Tutti nel nostro branco hanno un lavoro, ma il lavoro prevede anche dei giorni liberi. Non avevo un giorno libero da mesi, dal giorno in cui mi sono diplomata al liceo.

D'altra parte, ero grata che mi avessero permesso almeno di finire il liceo, perché alla maggior parte degli omega è consentito frequentare solo le scuole medie e nient’altro. Vorrei aver avuto la possibilità di andare all’università come la maggior parte dei ragazzi del nostro branco, ma so che sto sognando troppo in grande. Provo invidia nel vedere i ragazzi più grandi che, una volta compiuti i diciotto anni e diplomati, trovano i propri compagni e vanno all’università insieme.

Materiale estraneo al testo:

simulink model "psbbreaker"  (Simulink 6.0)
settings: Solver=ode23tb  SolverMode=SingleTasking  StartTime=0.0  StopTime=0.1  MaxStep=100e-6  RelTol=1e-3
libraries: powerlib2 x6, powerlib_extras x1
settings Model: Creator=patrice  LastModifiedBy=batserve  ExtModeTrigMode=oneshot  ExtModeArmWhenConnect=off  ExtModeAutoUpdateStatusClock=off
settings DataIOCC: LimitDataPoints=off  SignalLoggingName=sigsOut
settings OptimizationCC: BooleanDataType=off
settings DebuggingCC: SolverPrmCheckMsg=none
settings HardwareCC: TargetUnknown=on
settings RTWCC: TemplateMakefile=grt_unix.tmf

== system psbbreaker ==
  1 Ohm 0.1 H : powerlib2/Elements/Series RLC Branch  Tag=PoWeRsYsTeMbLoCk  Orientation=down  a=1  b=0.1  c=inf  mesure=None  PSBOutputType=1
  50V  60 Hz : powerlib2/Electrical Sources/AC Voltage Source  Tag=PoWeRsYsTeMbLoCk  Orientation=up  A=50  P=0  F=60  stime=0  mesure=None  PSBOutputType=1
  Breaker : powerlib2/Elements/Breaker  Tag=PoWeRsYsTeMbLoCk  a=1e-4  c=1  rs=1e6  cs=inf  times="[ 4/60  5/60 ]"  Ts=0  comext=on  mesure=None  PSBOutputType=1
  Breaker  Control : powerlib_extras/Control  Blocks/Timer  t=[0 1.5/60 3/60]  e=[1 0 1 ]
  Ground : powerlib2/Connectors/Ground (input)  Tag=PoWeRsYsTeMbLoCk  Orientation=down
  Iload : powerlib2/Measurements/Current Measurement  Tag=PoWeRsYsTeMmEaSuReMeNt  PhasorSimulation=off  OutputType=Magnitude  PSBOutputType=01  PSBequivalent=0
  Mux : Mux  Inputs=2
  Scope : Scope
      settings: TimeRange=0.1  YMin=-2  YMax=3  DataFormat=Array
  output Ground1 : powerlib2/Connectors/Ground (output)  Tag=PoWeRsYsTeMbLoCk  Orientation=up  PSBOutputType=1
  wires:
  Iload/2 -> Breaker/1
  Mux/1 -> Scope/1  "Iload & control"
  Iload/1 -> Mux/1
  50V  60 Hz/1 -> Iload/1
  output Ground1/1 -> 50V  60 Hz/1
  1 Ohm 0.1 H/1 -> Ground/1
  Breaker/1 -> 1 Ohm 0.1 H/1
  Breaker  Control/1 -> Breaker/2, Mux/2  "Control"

Forse un giorno potrei trovare il mio compagno. Mi porterà via da tutto questo e potremo essere felici. Voglio essere felice, ma più ci penso, più mi viene da piangere. Sto perdendo la speranza e non so se questa sarà l’unica ragione per cui vivrò… Pulire dopo che tutti se ne sono andati e subire gli attacchi dei membri arrabbiati del branco. Forse... Questo è tutto ciò che avrò mai.

Capitolo 2: Lui lo sapeva

Olivia

Ho finito di preparare il pranzo, poi ho ripulito il disordine e in men che non si dica mi sono ritrovata a sbrigare sempre più commissioni per gli altri membri del branco. Sospiro mentre mi asciugo il sudore dalla fronte. Do un’occhiata all’orologio e mi rendo conto che è davvero tardi. Se non finissi subito, gli altri omega comincerebbero ad arrivare per preparare la cena. Dobbiamo anche iniziare i preparativi per la riunione che l’alfa avrà domani mattina con gli altri branchi.

Lancio uno sguardo al pavimento mentre rimetto lo straccio sporco nel secchio. Ho avuto il turno in cucina per tutta la settimana e, dopo che tutti hanno finito di mangiare, sono stata io a dover pulire l’intera cucina da sola, dato che l’omega capo non mi sopporta. Ha specificato chiaramente che i pavimenti della cucina dovevano essere puliti a mano e lasciati immacolati dopo ogni pasto. Se avesse visto anche solo un granello di polvere, avrei dovuto rifare tutto da capo.